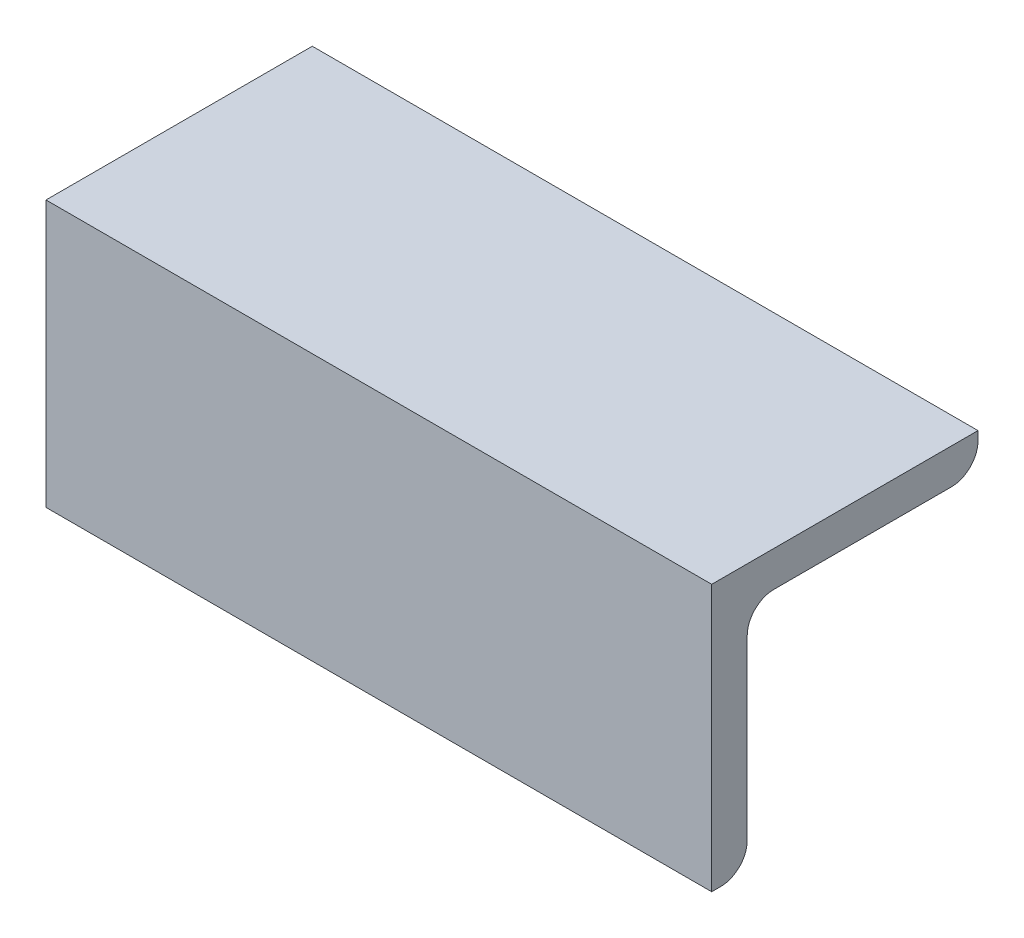
ISO-10303-21;
HEADER;
FILE_DESCRIPTION(('STEP AP214'),'2;1');
FILE_NAME('part.step','',(''),(''),'','','');
FILE_SCHEMA(('AUTOMOTIVE_DESIGN { 1 0 10303 214 1 1 1 1 }'));
ENDSEC;
DATA;
#1=APPLICATION_CONTEXT('core data for automotive mechanical design processes');
#2=APPLICATION_PROTOCOL_DEFINITION('international standard','automotive_design',2000,#1);
#3=PRODUCT_CONTEXT('',#1,'mechanical');
#4=PRODUCT('Part','Part','',(#3));
#5=PRODUCT_RELATED_PRODUCT_CATEGORY('part','',(#4));
#6=PRODUCT_DEFINITION_FORMATION('','',#4);
#7=PRODUCT_DEFINITION_CONTEXT('part definition',#1,'design');
#8=PRODUCT_DEFINITION('design','',#6,#7);
#9=PRODUCT_DEFINITION_SHAPE('','',#8);
#10=(LENGTH_UNIT() NAMED_UNIT(*) SI_UNIT(.MILLI.,.METRE.));
#11=(NAMED_UNIT(*) PLANE_ANGLE_UNIT() SI_UNIT($,.RADIAN.));
#12=(NAMED_UNIT(*) SI_UNIT($,.STERADIAN.) SOLID_ANGLE_UNIT());
#13=UNCERTAINTY_MEASURE_WITH_UNIT(LENGTH_MEASURE(1.E-05),#10,'distance_accuracy_value','');
#14=(GEOMETRIC_REPRESENTATION_CONTEXT(3) GLOBAL_UNCERTAINTY_ASSIGNED_CONTEXT((#13)) GLOBAL_UNIT_ASSIGNED_CONTEXT((#10,
#11,#12)) REPRESENTATION_CONTEXT('',''));
#15=CARTESIAN_POINT('',(0.,0.,0.));
#16=DIRECTION('',(0.,0.,1.));
#17=DIRECTION('',(1.,0.,0.));
#18=AXIS2_PLACEMENT_3D('',#15,#16,#17);
#19=CARTESIAN_POINT('',(75.,15.289592760181,0.));
#20=DIRECTION('',(0.,0.,1.));
#21=DIRECTION('',(0.,-1.,0.));
#22=AXIS2_PLACEMENT_3D('',#19,#20,#21);
#23=PLANE('',#22);
#24=DIRECTION('',(0.,1.,0.));
#25=VECTOR('',#24,1.);
#26=CARTESIAN_POINT('',(0.,15.289592760181,0.));
#27=LINE('',#26,#25);
#28=CARTESIAN_POINT('',(0.,15.289592760181,0.));
#29=VERTEX_POINT('',#28);
#30=CARTESIAN_POINT('',(0.,16.289592760181,0.));
#31=VERTEX_POINT('',#30);
#32=EDGE_CURVE('E135',#29,#31,#27,.T.);
#33=ORIENTED_EDGE('',*,*,#32,.T.);
#34=DIRECTION('',(-1.,0.,0.));
#35=VECTOR('',#34,1.);
#36=CARTESIAN_POINT('',(75.,16.289592760181,0.));
#37=LINE('',#36,#35);
#38=CARTESIAN_POINT('',(75.,16.289592760181,0.));
#39=VERTEX_POINT('',#38);
#40=EDGE_CURVE('E11',#39,#31,#37,.T.);
#41=ORIENTED_EDGE('',*,*,#40,.F.);
#42=DIRECTION('',(0.,1.,0.));
#43=VECTOR('',#42,1.);
#44=CARTESIAN_POINT('',(75.,15.289592760181,0.));
#45=LINE('',#44,#43);
#46=CARTESIAN_POINT('',(75.,15.289592760181,0.));
#47=VERTEX_POINT('',#46);
#48=EDGE_CURVE('E151',#47,#39,#45,.T.);
#49=ORIENTED_EDGE('',*,*,#48,.F.);
#50=DIRECTION('',(-1.,0.,0.));
#51=VECTOR('',#50,1.);
#52=CARTESIAN_POINT('',(75.,15.289592760181,0.));
#53=LINE('',#52,#51);
#54=EDGE_CURVE('E131',#47,#29,#53,.T.);
#55=ORIENTED_EDGE('',*,*,#54,.T.);
#56=EDGE_LOOP('',(#33,#41,#49,#55));
#57=FACE_BOUND('',#56,.T.);
#58=ADVANCED_FACE('F33',(#57),#23,.F.);
#59=CARTESIAN_POINT('',(75.,16.289592760181,0.));
#60=DIRECTION('',(0.,-1.,0.));
#61=DIRECTION('',(0.,0.,-1.));
#62=AXIS2_PLACEMENT_3D('',#59,#60,#61);
#63=PLANE('',#62);
#64=DIRECTION('',(0.,0.,1.));
#65=VECTOR('',#64,1.);
#66=CARTESIAN_POINT('',(0.,16.289592760181,0.));
#67=LINE('',#66,#65);
#68=CARTESIAN_POINT('',(0.,16.289592760181,30.));
#69=VERTEX_POINT('',#68);
#70=EDGE_CURVE('E138',#31,#69,#67,.T.);
#71=ORIENTED_EDGE('',*,*,#70,.T.);
#72=DIRECTION('',(-1.,0.,0.));
#73=VECTOR('',#72,1.);
#74=CARTESIAN_POINT('',(75.,16.289592760181,30.));
#75=LINE('',#74,#73);
#76=CARTESIAN_POINT('',(75.,16.289592760181,30.));
#77=VERTEX_POINT('',#76);
#78=EDGE_CURVE('E41',#77,#69,#75,.T.);
#79=ORIENTED_EDGE('',*,*,#78,.F.);
#80=DIRECTION('',(0.,0.,1.));
#81=VECTOR('',#80,1.);
#82=CARTESIAN_POINT('',(75.,16.289592760181,0.));
#83=LINE('',#82,#81);
#84=EDGE_CURVE('E95',#39,#77,#83,.T.);
#85=ORIENTED_EDGE('',*,*,#84,.F.);
#86=ORIENTED_EDGE('',*,*,#40,.T.);
#87=EDGE_LOOP('',(#71,#79,#85,#86));
#88=FACE_BOUND('',#87,.T.);
#89=ADVANCED_FACE('F194',(#88),#63,.F.);
#90=CARTESIAN_POINT('',(75.,16.289592760181,30.));
#91=DIRECTION('',(0.,0.,-1.));
#92=DIRECTION('',(-1.,0.,0.));
#93=AXIS2_PLACEMENT_3D('',#90,#91,#92);
#94=PLANE('',#93);
#95=DIRECTION('',(0.,-1.,0.));
#96=VECTOR('',#95,1.);
#97=CARTESIAN_POINT('',(0.,16.289592760181,30.));
#98=LINE('',#97,#96);
#99=CARTESIAN_POINT('',(0.,-13.710407239819,30.));
#100=VERTEX_POINT('',#99);
#101=EDGE_CURVE('E140',#69,#100,#98,.T.);
#102=ORIENTED_EDGE('',*,*,#101,.T.);
#103=DIRECTION('',(-1.,0.,0.));
#104=VECTOR('',#103,1.);
#105=CARTESIAN_POINT('',(75.,-13.710407239819,30.));
#106=LINE('',#105,#104);
#107=CARTESIAN_POINT('',(75.,-13.710407239819,30.));
#108=VERTEX_POINT('',#107);
#109=EDGE_CURVE('E161',#108,#100,#106,.T.);
#110=ORIENTED_EDGE('',*,*,#109,.F.);
#111=DIRECTION('',(0.,-1.,0.));
#112=VECTOR('',#111,1.);
#113=CARTESIAN_POINT('',(75.,16.289592760181,30.));
#114=LINE('',#113,#112);
#115=EDGE_CURVE('E169',#77,#108,#114,.T.);
#116=ORIENTED_EDGE('',*,*,#115,.F.);
#117=ORIENTED_EDGE('',*,*,#78,.T.);
#118=EDGE_LOOP('',(#102,#110,#116,#117));
#119=FACE_BOUND('',#118,.T.);
#120=ADVANCED_FACE('F167',(#119),#94,.F.);
#121=CARTESIAN_POINT('',(75.,-13.710407239819,30.));
#122=DIRECTION('',(0.,1.,0.));
#123=DIRECTION('',(0.,0.,1.));
#124=AXIS2_PLACEMENT_3D('',#121,#122,#123);
#125=PLANE('',#124);
#126=DIRECTION('',(0.,0.,-1.));
#127=VECTOR('',#126,1.);
#128=CARTESIAN_POINT('',(0.,-13.710407239819,30.));
#129=LINE('',#128,#127);
#130=CARTESIAN_POINT('',(0.,-13.710407239819,29.));
#131=VERTEX_POINT('',#130);
#132=EDGE_CURVE('E142',#100,#131,#129,.T.);
#133=ORIENTED_EDGE('',*,*,#132,.T.);
#134=DIRECTION('',(-1.,0.,0.));
#135=VECTOR('',#134,1.);
#136=CARTESIAN_POINT('',(75.,-13.710407239819,29.));
#137=LINE('',#136,#135);
#138=CARTESIAN_POINT('',(75.,-13.710407239819,29.));
#139=VERTEX_POINT('',#138);
#140=EDGE_CURVE('E158',#139,#131,#137,.T.);
#141=ORIENTED_EDGE('',*,*,#140,.F.);
#142=DIRECTION('',(0.,0.,-1.));
#143=VECTOR('',#142,1.);
#144=CARTESIAN_POINT('',(75.,-13.710407239819,30.));
#145=LINE('',#144,#143);
#146=EDGE_CURVE('E185',#108,#139,#145,.T.);
#147=ORIENTED_EDGE('',*,*,#146,.F.);
#148=ORIENTED_EDGE('',*,*,#109,.T.);
#149=EDGE_LOOP('',(#133,#141,#147,#148));
#150=FACE_BOUND('',#149,.T.);
#151=ADVANCED_FACE('F178',(#150),#125,.F.);
#152=CARTESIAN_POINT('',(75.,-10.710407239819,29.));
#153=DIRECTION('',(-1.,0.,0.));
#154=DIRECTION('',(0.,0.,1.));
#155=AXIS2_PLACEMENT_3D('',#152,#153,#154);
#156=CYLINDRICAL_SURFACE('',#155,3.);
#157=CARTESIAN_POINT('',(0.,-10.710407239819,29.));
#158=DIRECTION('',(1.,0.,0.));
#159=DIRECTION('',(0.,0.,-1.));
#160=AXIS2_PLACEMENT_3D('',#157,#158,#159);
#161=CIRCLE('',#160,3.);
#162=CARTESIAN_POINT('',(0.,-10.710407239819,26.));
#163=VERTEX_POINT('',#162);
#164=EDGE_CURVE('E144',#131,#163,#161,.T.);
#165=ORIENTED_EDGE('',*,*,#164,.T.);
#166=DIRECTION('',(-1.,0.,0.));
#167=VECTOR('',#166,1.);
#168=CARTESIAN_POINT('',(75.,-10.710407239819,26.));
#169=LINE('',#168,#167);
#170=CARTESIAN_POINT('',(75.,-10.710407239819,26.));
#171=VERTEX_POINT('',#170);
#172=EDGE_CURVE('E155',#171,#163,#169,.T.);
#173=ORIENTED_EDGE('',*,*,#172,.F.);
#174=CARTESIAN_POINT('',(75.,-10.710407239819,29.));
#175=DIRECTION('',(1.,0.,0.));
#176=DIRECTION('',(0.,0.,-1.));
#177=AXIS2_PLACEMENT_3D('',#174,#175,#176);
#178=CIRCLE('',#177,3.);
#179=EDGE_CURVE('E184',#139,#171,#178,.T.);
#180=ORIENTED_EDGE('',*,*,#179,.F.);
#181=ORIENTED_EDGE('',*,*,#140,.T.);
#182=EDGE_LOOP('',(#165,#173,#180,#181));
#183=FACE_BOUND('',#182,.T.);
#184=ADVANCED_FACE('F182',(#183),#156,.T.);
#185=CARTESIAN_POINT('',(75.,-10.710407239819,26.));
#186=DIRECTION('',(0.,0.,1.));
#187=DIRECTION('',(1.,0.,0.));
#188=AXIS2_PLACEMENT_3D('',#185,#186,#187);
#189=PLANE('',#188);
#190=DIRECTION('',(0.,1.,0.));
#191=VECTOR('',#190,1.);
#192=CARTESIAN_POINT('',(0.,-10.710407239819,26.));
#193=LINE('',#192,#191);
#194=CARTESIAN_POINT('',(0.,9.28959276018097,26.));
#195=VERTEX_POINT('',#194);
#196=EDGE_CURVE('E146',#163,#195,#193,.T.);
#197=ORIENTED_EDGE('',*,*,#196,.T.);
#198=DIRECTION('',(-1.,0.,0.));
#199=VECTOR('',#198,1.);
#200=CARTESIAN_POINT('',(75.,9.28959276018097,26.));
#201=LINE('',#200,#199);
#202=CARTESIAN_POINT('',(75.,9.28959276018097,26.));
#203=VERTEX_POINT('',#202);
#204=EDGE_CURVE('E126',#203,#195,#201,.T.);
#205=ORIENTED_EDGE('',*,*,#204,.F.);
#206=DIRECTION('',(0.,1.,0.));
#207=VECTOR('',#206,1.);
#208=CARTESIAN_POINT('',(75.,-10.710407239819,26.));
#209=LINE('',#208,#207);
#210=EDGE_CURVE('E117',#171,#203,#209,.T.);
#211=ORIENTED_EDGE('',*,*,#210,.F.);
#212=ORIENTED_EDGE('',*,*,#172,.T.);
#213=EDGE_LOOP('',(#197,#205,#211,#212));
#214=FACE_BOUND('',#213,.T.);
#215=ADVANCED_FACE('F206',(#214),#189,.F.);
#216=CARTESIAN_POINT('',(75.,9.28959276018099,23.));
#217=DIRECTION('',(-1.,0.,0.));
#218=DIRECTION('',(0.,0.,1.));
#219=AXIS2_PLACEMENT_3D('',#216,#217,#218);
#220=CYLINDRICAL_SURFACE('',#219,3.);
#221=CARTESIAN_POINT('',(0.,9.28959276018099,23.));
#222=DIRECTION('',(-1.,0.,0.));
#223=DIRECTION('',(0.,0.,1.));
#224=AXIS2_PLACEMENT_3D('',#221,#222,#223);
#225=CIRCLE('',#224,3.);
#226=CARTESIAN_POINT('',(0.,12.289592760181,23.));
#227=VERTEX_POINT('',#226);
#228=EDGE_CURVE('E125',#195,#227,#225,.T.);
#229=ORIENTED_EDGE('',*,*,#228,.T.);
#230=DIRECTION('',(-1.,0.,0.));
#231=VECTOR('',#230,1.);
#232=CARTESIAN_POINT('',(75.,12.289592760181,23.));
#233=LINE('',#232,#231);
#234=CARTESIAN_POINT('',(75.,12.289592760181,23.));
#235=VERTEX_POINT('',#234);
#236=EDGE_CURVE('E122',#235,#227,#233,.T.);
#237=ORIENTED_EDGE('',*,*,#236,.F.);
#238=CARTESIAN_POINT('',(75.,9.28959276018099,23.));
#239=DIRECTION('',(-1.,0.,0.));
#240=DIRECTION('',(0.,0.,1.));
#241=AXIS2_PLACEMENT_3D('',#238,#239,#240);
#242=CIRCLE('',#241,3.);
#243=EDGE_CURVE('E111',#203,#235,#242,.T.);
#244=ORIENTED_EDGE('',*,*,#243,.F.);
#245=ORIENTED_EDGE('',*,*,#204,.T.);
#246=EDGE_LOOP('',(#229,#237,#244,#245));
#247=FACE_BOUND('',#246,.T.);
#248=ADVANCED_FACE('F123',(#247),#220,.F.);
#249=CARTESIAN_POINT('',(75.,12.289592760181,23.));
#250=DIRECTION('',(0.,1.,0.));
#251=DIRECTION('',(0.,0.,1.));
#252=AXIS2_PLACEMENT_3D('',#249,#250,#251);
#253=PLANE('',#252);
#254=DIRECTION('',(0.,0.,-1.));
#255=VECTOR('',#254,1.);
#256=CARTESIAN_POINT('',(0.,12.289592760181,23.));
#257=LINE('',#256,#255);
#258=CARTESIAN_POINT('',(0.,12.289592760181,3.00000000000002));
#259=VERTEX_POINT('',#258);
#260=EDGE_CURVE('E81',#227,#259,#257,.T.);
#261=ORIENTED_EDGE('',*,*,#260,.T.);
#262=DIRECTION('',(-1.,0.,0.));
#263=VECTOR('',#262,1.);
#264=CARTESIAN_POINT('',(75.,12.289592760181,3.00000000000002));
#265=LINE('',#264,#263);
#266=CARTESIAN_POINT('',(75.,12.289592760181,3.00000000000002));
#267=VERTEX_POINT('',#266);
#268=EDGE_CURVE('E127',#267,#259,#265,.T.);
#269=ORIENTED_EDGE('',*,*,#268,.F.);
#270=DIRECTION('',(0.,0.,-1.));
#271=VECTOR('',#270,1.);
#272=CARTESIAN_POINT('',(75.,12.289592760181,23.));
#273=LINE('',#272,#271);
#274=EDGE_CURVE('E115',#235,#267,#273,.T.);
#275=ORIENTED_EDGE('',*,*,#274,.F.);
#276=ORIENTED_EDGE('',*,*,#236,.T.);
#277=EDGE_LOOP('',(#261,#269,#275,#276));
#278=FACE_BOUND('',#277,.T.);
#279=ADVANCED_FACE('F129',(#278),#253,.F.);
#280=CARTESIAN_POINT('',(75.,15.289592760181,3.));
#281=DIRECTION('',(-1.,0.,0.));
#282=DIRECTION('',(0.,0.,1.));
#283=AXIS2_PLACEMENT_3D('',#280,#281,#282);
#284=CYLINDRICAL_SURFACE('',#283,3.);
#285=CARTESIAN_POINT('',(0.,15.289592760181,3.));
#286=DIRECTION('',(1.,0.,0.));
#287=DIRECTION('',(0.,0.,-1.));
#288=AXIS2_PLACEMENT_3D('',#285,#286,#287);
#289=CIRCLE('',#288,3.);
#290=EDGE_CURVE('E87',#259,#29,#289,.T.);
#291=ORIENTED_EDGE('',*,*,#290,.T.);
#292=ORIENTED_EDGE('',*,*,#54,.F.);
#293=CARTESIAN_POINT('',(75.,15.289592760181,3.));
#294=DIRECTION('',(1.,0.,0.));
#295=DIRECTION('',(0.,0.,-1.));
#296=AXIS2_PLACEMENT_3D('',#293,#294,#295);
#297=CIRCLE('',#296,3.);
#298=EDGE_CURVE('E49',#267,#47,#297,.T.);
#299=ORIENTED_EDGE('',*,*,#298,.F.);
#300=ORIENTED_EDGE('',*,*,#268,.T.);
#301=EDGE_LOOP('',(#291,#292,#299,#300));
#302=FACE_BOUND('',#301,.T.);
#303=ADVANCED_FACE('F214',(#302),#284,.T.);
#304=CARTESIAN_POINT('',(75.,-10.710407239819,29.));
#305=DIRECTION('',(1.,0.,0.));
#306=DIRECTION('',(0.,0.,-1.));
#307=AXIS2_PLACEMENT_3D('',#304,#305,#306);
#308=PLANE('',#307);
#309=ORIENTED_EDGE('',*,*,#48,.T.);
#310=ORIENTED_EDGE('',*,*,#84,.T.);
#311=ORIENTED_EDGE('',*,*,#115,.T.);
#312=ORIENTED_EDGE('',*,*,#146,.T.);
#313=ORIENTED_EDGE('',*,*,#179,.T.);
#314=ORIENTED_EDGE('',*,*,#210,.T.);
#315=ORIENTED_EDGE('',*,*,#243,.T.);
#316=ORIENTED_EDGE('',*,*,#274,.T.);
#317=ORIENTED_EDGE('',*,*,#298,.T.);
#318=EDGE_LOOP('',(#309,#310,#311,#312,#313,#314,#315,#316,#317));
#319=FACE_BOUND('',#318,.T.);
#320=ADVANCED_FACE('F113',(#319),#308,.T.);
#321=CARTESIAN_POINT('',(0.,-10.710407239819,29.));
#322=DIRECTION('',(1.,0.,0.));
#323=DIRECTION('',(0.,0.,-1.));
#324=AXIS2_PLACEMENT_3D('',#321,#322,#323);
#325=PLANE('',#324);
#326=ORIENTED_EDGE('',*,*,#32,.F.);
#327=ORIENTED_EDGE('',*,*,#290,.F.);
#328=ORIENTED_EDGE('',*,*,#260,.F.);
#329=ORIENTED_EDGE('',*,*,#228,.F.);
#330=ORIENTED_EDGE('',*,*,#196,.F.);
#331=ORIENTED_EDGE('',*,*,#164,.F.);
#332=ORIENTED_EDGE('',*,*,#132,.F.);
#333=ORIENTED_EDGE('',*,*,#101,.F.);
#334=ORIENTED_EDGE('',*,*,#70,.F.);
#335=EDGE_LOOP('',(#326,#327,#328,#329,#330,#331,#332,#333,#334));
#336=FACE_BOUND('',#335,.T.);
#337=ADVANCED_FACE('F173',(#336),#325,.F.);
#338=CLOSED_SHELL('',(#58,#89,#120,#151,#184,#215,#248,#279,#303,#320,#337));
#339=MANIFOLD_SOLID_BREP('B2',#338);
#340=ADVANCED_BREP_SHAPE_REPRESENTATION('',(#18,#339),#14);
#341=SHAPE_DEFINITION_REPRESENTATION(#9,#340);
ENDSEC;
END-ISO-10303-21;
——
EXERCISE GOAL: Nothing but the lines from the start of the listing through the line with "#1=APPLICATION_CONTEXT('core data for" belongs in the answer, each one retyped exactly and without pictures.

YOUR SOLUTION:
ISO-10303-21;
HEADER;
FILE_DESCRIPTION(('STEP AP214'),'2;1');
FILE_NAME('part.step','',(''),(''),'','','');
FILE_SCHEMA(('AUTOMOTIVE_DESIGN { 1 0 10303 214 1 1 1 1 }'));
ENDSEC;
DATA;
#1=APPLICATION_CONTEXT('core data for automotive mechanical design processes');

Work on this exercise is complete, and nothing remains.